Nicolas Rodeghiero 23/09/2024
É fácil se apaixonar por uma ideia
Este foi, não apenas o meu primeiro contato com o renomado Fiódor Dostoiévski, mas também, com a literatura clássica russa como um todo. Agora que terminei, posso dizer com prioridade, que foi uma experiência bela, poética e dolorida, tudo na mesma medida. É uma obra complexa que, entre seus mais diversos temas abordados, tem como foco principal, um dos mais difíceis de se efrentar: o amor não correspondido. E convenhamos, quem nunca passou por isso, ao menos uma vez na vida?
Durante os meus históricos de leitura, enquanto eu ainda estava no início da trama, uma moça comentou que este era o seu livro de terror favorito. Na hora, fiquei sem entender nada, já que eu esperava qualquer coisa aqui, menos algo aterrorizante. Agora, compreendo perfeitamente o que ela quis dizer. Afinal, sou alguém que tem um grande receio e dificuldade em se apaixonar. Ou seja, isso raramente acontece. E, nas poucas vezes em que me senti assim por uma mulher, os finais foram trágicos, semelhantes ao que aconteceu com o Sonhador, nosso protagonista de "Noites Brancas". Um verdadeiro soco no estômago.
Aproveitando para falar sobre ele, de forma bastante resumida, é um rapaz simples, mas solitário. Como seu próprio nome fictício sugere, está constantemente sonhando acordado. Talvez sonhe com um ideal de mundo melhor e mais agradável, ou quem sabe, use isso como uma forma de escapar da própria realidade.

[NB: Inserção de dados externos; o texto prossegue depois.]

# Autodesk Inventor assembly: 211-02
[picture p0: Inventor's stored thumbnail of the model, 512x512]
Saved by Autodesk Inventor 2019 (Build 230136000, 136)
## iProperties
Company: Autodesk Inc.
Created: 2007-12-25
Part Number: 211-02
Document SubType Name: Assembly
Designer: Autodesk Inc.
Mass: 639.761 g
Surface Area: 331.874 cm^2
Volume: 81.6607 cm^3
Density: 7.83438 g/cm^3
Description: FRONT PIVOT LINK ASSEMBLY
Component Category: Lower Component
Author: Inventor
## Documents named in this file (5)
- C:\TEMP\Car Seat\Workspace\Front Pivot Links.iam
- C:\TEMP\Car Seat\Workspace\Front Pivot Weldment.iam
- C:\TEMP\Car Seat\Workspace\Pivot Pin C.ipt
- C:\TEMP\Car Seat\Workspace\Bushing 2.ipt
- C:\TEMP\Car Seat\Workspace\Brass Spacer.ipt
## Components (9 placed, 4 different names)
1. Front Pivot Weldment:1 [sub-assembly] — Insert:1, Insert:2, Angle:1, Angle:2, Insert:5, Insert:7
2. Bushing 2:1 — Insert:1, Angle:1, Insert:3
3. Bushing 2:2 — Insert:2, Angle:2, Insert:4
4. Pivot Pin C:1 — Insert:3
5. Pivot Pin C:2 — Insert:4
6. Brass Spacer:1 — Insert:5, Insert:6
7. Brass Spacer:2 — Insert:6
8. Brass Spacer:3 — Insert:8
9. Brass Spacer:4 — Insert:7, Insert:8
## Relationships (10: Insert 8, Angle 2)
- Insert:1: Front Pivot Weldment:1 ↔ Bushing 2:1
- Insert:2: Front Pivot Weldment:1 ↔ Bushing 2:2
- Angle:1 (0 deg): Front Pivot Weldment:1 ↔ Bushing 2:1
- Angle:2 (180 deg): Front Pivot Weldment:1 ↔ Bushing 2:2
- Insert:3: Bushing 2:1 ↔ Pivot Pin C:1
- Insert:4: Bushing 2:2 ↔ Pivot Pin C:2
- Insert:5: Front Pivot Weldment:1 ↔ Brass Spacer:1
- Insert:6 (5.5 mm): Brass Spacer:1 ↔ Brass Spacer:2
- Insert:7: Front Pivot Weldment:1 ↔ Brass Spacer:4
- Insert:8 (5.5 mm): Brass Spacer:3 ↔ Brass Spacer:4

E, é através desse curioso hábito que começamos a explorar alguns questionamentos. Devemos sonhar, ou viver de forma autêntica? O certo seria nos entregarmos com confiança, ou sermos cautelosos com aqueles que temos um recente interesse amoroso?
Em contrapartida, temos nossa outra personagem principal, Nástienka. Uma jovem simples, confusa e inexperiente. Talvez, essa última característica decorra de sua falta de vivência em sociedade, ou por levar uma vida retraída e regrada. No entanto, o mais importante para que possamos compreender a trama, é que ambos, Nástienka e o Sonhador, são imaturos sentimentalmente, como todos nós já fomos um dia. E, devido a isso, tal encontro inesperado acaba se tornando uma forma de refúgio na companhia um do outro, desencadeando uma série de feridas emocionais, mesmo que sem querer.
Quanto à ambientação, não poderia ser mais linda e delicada. Dostoiévski não poupa esforços para nos apresentar uma São Petesburgo realista e rica em detalhes. Em certos momentos, é quase como se o leitor estivesse ali, naquele banco, ao lado dos protagonistas, admirando a mesma vista. Sem dúvidas, a cidade deve ser considerada uma personagem da narrativa. O fenômeno que dá nome ao livro, responsável por deixar as madrugadas claras, também é algo interessante e diferente de se imaginar, contribuindo para a imersão e dando a sensação de que tudo é um grande sonho.
Meu maior medo antes de começar a ler literatura russa, era a provável dificuldade que eu enfrentaria para entender a história. Apesar de ser uma obra curta, me impus a regra de ler um capítulo de cada vez, processando todas as informações ao máximo e tentando não deixar nada escapar. Admito que, principalmente durante as explicações do Sonhador, meu cérebro ficava um tanto confuso. Afinal, seu modo de se expressar é bastante complexo, como se ele estivesse de fato, narrando uma história. Inclusive, a própria Nástienka brinca com isso, e não poderia haver uma definição melhor.
Cheguei à conclusão, de que não adiantaria nada terminar a obra em um só dia, sem compreender sequer metade de sua profundidade e das metáforas propostas. Fiz pausas constantes, li e reli diversas páginas e, ainda assim, quando enfim terminei, procurei alguns vídeos com explicações adicionais que pudessem complementar a minha experiência de alguma forma. Por mais que seja um título que exige uma atenção redobrada, ele nos recompensa justamente por ser tão completo e aberto a diferentes interpretações.
Ao longo dessa curta jornada, sofremos ao ver o Sonhador ouvindo sua amada falar incessantemente sobre outro homem. No entanto, também aprendemos sobre maturidade, pois, apesar da rejeição, ele nunca deixou de desejar a felicidade dela. Por fim, senti meu coração se partir mais uma vez, agora junto ao dele, pelos mesmos motivos que já me eram familiares. Observar como seu mundo perde a cor, o brilho e a magia, é infinitamente triste, mas hoje, entendo que é algo necessário para sua evolução. Uma obra difícil de ser digerida, mas que me conquistou, especialmente nos momentos em que me identifiquei. Foi o suficiente para que eu deseje, futuramente, conhecer mais clássicos do autor.